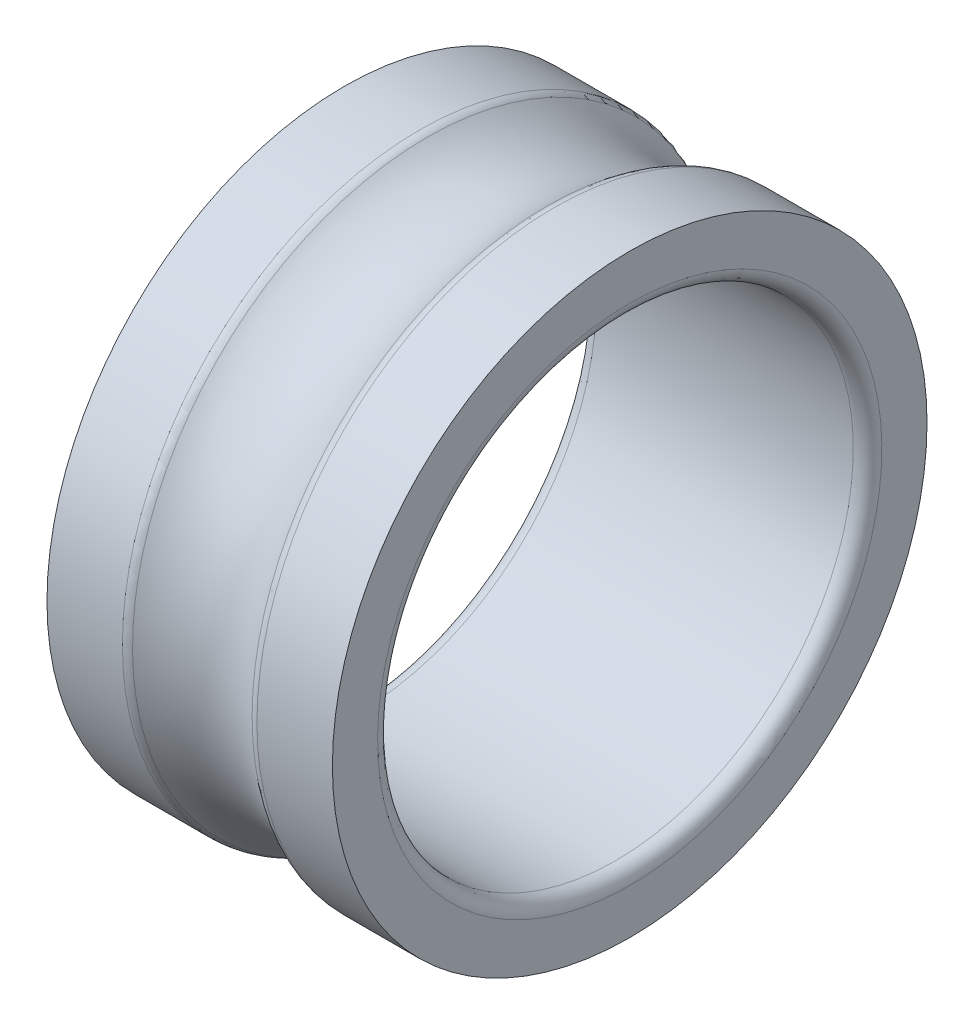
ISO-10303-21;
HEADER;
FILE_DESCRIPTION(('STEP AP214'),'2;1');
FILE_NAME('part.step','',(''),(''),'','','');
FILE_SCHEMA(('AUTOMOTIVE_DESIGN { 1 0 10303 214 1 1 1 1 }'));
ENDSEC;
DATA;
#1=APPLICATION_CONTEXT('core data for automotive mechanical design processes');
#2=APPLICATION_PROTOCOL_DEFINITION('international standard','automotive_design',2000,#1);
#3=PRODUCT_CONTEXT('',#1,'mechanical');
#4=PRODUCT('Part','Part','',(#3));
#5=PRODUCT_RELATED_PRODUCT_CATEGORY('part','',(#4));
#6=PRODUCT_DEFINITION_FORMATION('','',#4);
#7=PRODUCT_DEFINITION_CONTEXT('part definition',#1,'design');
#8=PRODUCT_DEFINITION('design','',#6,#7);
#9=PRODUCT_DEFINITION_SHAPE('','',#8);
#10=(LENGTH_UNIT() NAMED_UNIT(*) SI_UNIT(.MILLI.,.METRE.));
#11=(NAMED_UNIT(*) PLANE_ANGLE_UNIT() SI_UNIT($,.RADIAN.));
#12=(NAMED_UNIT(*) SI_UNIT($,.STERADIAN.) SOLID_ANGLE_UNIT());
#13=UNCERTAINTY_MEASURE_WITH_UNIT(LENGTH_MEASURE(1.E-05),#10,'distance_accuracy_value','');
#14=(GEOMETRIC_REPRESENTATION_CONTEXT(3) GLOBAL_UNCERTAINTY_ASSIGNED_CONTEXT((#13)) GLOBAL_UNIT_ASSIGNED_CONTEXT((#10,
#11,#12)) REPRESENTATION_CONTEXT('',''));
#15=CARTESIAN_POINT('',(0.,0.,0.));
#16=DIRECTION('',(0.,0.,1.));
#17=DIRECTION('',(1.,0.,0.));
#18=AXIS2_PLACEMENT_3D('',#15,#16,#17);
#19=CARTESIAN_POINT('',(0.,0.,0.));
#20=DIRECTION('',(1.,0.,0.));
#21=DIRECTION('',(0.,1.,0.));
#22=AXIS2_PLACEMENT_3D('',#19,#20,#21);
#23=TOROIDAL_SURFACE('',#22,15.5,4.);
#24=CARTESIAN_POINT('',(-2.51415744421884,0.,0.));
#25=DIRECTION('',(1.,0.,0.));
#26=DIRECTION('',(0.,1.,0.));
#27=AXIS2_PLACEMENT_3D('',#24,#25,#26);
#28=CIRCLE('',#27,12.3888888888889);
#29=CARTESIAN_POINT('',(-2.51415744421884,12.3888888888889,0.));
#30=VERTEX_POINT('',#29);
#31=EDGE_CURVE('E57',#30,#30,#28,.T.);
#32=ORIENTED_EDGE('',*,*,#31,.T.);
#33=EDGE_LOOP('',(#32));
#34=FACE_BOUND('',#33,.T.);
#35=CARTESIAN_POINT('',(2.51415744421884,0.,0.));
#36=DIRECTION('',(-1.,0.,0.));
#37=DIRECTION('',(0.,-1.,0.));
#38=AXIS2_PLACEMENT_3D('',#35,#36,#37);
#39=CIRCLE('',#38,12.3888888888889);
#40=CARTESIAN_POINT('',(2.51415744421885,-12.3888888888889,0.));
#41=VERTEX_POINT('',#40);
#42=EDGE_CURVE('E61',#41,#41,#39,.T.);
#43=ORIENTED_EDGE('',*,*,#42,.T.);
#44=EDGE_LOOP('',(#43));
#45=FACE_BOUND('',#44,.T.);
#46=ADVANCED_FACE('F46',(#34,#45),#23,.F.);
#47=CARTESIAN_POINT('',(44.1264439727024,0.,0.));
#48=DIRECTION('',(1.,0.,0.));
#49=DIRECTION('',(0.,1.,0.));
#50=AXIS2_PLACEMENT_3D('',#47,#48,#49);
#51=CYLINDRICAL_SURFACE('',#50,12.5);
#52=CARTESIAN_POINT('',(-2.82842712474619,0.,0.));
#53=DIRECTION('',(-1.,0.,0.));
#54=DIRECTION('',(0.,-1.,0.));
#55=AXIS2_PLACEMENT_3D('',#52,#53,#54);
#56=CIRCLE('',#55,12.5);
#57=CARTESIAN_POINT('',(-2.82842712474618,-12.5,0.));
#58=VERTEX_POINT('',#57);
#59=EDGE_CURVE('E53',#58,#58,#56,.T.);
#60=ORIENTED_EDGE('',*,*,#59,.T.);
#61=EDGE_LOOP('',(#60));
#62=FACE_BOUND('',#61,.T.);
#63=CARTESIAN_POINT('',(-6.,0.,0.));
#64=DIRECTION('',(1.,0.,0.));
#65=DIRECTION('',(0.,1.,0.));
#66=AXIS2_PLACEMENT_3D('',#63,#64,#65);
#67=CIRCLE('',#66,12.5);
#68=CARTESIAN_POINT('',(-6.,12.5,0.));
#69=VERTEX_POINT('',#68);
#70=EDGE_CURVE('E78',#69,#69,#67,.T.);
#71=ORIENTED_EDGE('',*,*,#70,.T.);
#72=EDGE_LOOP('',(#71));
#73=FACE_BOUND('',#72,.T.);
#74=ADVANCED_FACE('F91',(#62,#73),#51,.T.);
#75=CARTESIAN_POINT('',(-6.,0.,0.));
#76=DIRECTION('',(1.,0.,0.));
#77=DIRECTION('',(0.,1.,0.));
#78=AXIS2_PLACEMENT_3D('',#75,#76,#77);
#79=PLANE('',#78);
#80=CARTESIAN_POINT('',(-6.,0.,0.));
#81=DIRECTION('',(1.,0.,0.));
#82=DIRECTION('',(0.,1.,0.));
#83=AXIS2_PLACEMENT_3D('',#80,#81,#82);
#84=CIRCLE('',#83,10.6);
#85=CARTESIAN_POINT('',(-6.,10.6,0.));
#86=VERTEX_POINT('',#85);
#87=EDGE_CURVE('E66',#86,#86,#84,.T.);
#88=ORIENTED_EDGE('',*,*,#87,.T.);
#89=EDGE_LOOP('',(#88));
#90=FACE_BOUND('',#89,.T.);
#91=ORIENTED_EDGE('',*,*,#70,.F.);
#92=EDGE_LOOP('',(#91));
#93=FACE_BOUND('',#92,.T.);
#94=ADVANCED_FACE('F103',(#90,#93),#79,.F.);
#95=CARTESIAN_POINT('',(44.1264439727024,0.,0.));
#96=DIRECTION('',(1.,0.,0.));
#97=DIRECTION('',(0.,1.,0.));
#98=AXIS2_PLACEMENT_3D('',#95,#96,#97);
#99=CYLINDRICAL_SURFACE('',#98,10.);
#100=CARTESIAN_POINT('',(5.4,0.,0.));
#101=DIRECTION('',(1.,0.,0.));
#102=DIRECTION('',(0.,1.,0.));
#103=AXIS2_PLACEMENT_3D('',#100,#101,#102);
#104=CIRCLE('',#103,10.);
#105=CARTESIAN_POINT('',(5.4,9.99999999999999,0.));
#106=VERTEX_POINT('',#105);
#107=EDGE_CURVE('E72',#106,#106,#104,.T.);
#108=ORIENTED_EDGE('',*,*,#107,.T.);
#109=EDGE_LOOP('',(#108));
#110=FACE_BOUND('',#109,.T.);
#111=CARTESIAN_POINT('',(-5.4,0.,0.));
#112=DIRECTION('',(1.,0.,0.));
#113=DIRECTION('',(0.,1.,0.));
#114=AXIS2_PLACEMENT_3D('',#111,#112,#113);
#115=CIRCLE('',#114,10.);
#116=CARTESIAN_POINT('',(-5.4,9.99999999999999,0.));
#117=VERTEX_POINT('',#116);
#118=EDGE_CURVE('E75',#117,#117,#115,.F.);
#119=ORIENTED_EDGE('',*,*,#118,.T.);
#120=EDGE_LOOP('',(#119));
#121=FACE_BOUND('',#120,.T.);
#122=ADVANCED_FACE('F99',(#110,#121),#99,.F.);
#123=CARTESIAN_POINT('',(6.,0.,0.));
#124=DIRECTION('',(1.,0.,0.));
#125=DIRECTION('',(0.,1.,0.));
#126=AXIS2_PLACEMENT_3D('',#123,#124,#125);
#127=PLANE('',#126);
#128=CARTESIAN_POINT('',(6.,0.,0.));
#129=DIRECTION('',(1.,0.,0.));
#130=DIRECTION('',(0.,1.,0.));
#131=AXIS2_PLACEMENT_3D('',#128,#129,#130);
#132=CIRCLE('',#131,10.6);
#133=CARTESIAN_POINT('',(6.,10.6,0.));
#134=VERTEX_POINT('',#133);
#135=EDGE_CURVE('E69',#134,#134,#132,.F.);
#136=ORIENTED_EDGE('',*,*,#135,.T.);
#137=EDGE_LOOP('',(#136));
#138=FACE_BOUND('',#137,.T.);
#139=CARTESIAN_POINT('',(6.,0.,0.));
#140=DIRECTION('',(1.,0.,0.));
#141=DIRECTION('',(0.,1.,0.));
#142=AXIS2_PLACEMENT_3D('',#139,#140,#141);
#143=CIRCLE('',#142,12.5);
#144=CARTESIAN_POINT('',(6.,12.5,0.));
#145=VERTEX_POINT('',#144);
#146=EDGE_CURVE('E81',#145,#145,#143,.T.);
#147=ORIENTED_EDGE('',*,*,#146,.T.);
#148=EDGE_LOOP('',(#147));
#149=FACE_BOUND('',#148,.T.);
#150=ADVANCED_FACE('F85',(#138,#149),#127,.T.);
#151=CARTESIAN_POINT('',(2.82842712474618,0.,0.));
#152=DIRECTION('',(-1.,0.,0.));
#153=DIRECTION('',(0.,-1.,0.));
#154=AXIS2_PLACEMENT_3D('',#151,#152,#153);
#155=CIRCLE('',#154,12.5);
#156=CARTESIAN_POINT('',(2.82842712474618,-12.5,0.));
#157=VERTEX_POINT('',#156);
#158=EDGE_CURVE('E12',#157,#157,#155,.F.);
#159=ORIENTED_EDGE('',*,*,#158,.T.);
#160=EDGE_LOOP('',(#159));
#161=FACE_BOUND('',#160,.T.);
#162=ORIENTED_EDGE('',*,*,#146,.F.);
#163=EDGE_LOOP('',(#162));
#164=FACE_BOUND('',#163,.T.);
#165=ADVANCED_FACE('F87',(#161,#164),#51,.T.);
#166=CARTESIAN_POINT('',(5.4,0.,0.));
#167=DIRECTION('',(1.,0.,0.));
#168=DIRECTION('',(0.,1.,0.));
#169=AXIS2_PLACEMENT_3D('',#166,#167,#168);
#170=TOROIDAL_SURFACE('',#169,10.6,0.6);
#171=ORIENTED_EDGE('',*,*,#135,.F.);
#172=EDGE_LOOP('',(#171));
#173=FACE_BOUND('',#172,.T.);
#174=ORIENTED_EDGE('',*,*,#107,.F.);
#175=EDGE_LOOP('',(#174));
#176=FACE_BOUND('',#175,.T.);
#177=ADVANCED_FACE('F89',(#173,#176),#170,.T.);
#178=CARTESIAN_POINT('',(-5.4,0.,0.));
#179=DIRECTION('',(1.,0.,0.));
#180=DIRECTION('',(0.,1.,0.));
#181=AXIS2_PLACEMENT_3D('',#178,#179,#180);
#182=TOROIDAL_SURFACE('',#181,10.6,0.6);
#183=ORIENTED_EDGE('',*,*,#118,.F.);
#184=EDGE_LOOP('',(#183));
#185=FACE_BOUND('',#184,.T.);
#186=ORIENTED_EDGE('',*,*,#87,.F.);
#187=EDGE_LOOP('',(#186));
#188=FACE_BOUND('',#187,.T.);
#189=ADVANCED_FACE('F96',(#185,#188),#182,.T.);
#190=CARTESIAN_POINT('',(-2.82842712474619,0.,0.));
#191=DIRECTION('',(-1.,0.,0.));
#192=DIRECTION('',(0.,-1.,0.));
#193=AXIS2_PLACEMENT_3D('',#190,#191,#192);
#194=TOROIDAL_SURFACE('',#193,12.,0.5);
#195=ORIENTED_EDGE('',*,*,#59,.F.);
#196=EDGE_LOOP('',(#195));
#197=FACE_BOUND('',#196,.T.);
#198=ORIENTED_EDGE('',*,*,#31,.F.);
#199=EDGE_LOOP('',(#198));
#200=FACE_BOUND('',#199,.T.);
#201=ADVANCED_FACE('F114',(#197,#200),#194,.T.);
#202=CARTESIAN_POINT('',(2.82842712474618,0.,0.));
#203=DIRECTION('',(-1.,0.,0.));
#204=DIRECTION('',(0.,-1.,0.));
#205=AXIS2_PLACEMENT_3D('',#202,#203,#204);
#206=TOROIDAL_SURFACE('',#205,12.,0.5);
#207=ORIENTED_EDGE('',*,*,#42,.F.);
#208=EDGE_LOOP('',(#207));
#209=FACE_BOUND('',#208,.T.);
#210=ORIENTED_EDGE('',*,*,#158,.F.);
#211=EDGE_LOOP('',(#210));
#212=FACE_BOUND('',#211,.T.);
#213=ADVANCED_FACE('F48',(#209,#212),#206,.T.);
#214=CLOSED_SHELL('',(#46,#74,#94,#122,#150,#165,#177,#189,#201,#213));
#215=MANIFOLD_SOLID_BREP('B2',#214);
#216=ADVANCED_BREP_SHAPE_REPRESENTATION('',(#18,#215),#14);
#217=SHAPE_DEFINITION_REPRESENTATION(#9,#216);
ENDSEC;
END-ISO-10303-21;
————
Task prompt ->
Which lines above include "CIRCLE"? Show each of them by copying it.

Expected answer ->
#28=CIRCLE('',#27,12.3888888888889);
#39=CIRCLE('',#38,12.3888888888889);
#56=CIRCLE('',#55,12.5);
#67=CIRCLE('',#66,12.5);
#84=CIRCLE('',#83,10.6);
#104=CIRCLE('',#103,10.);
#115=CIRCLE('',#114,10.);
#132=CIRCLE('',#131,10.6);
#143=CIRCLE('',#142,12.5);
#155=CIRCLE('',#154,12.5);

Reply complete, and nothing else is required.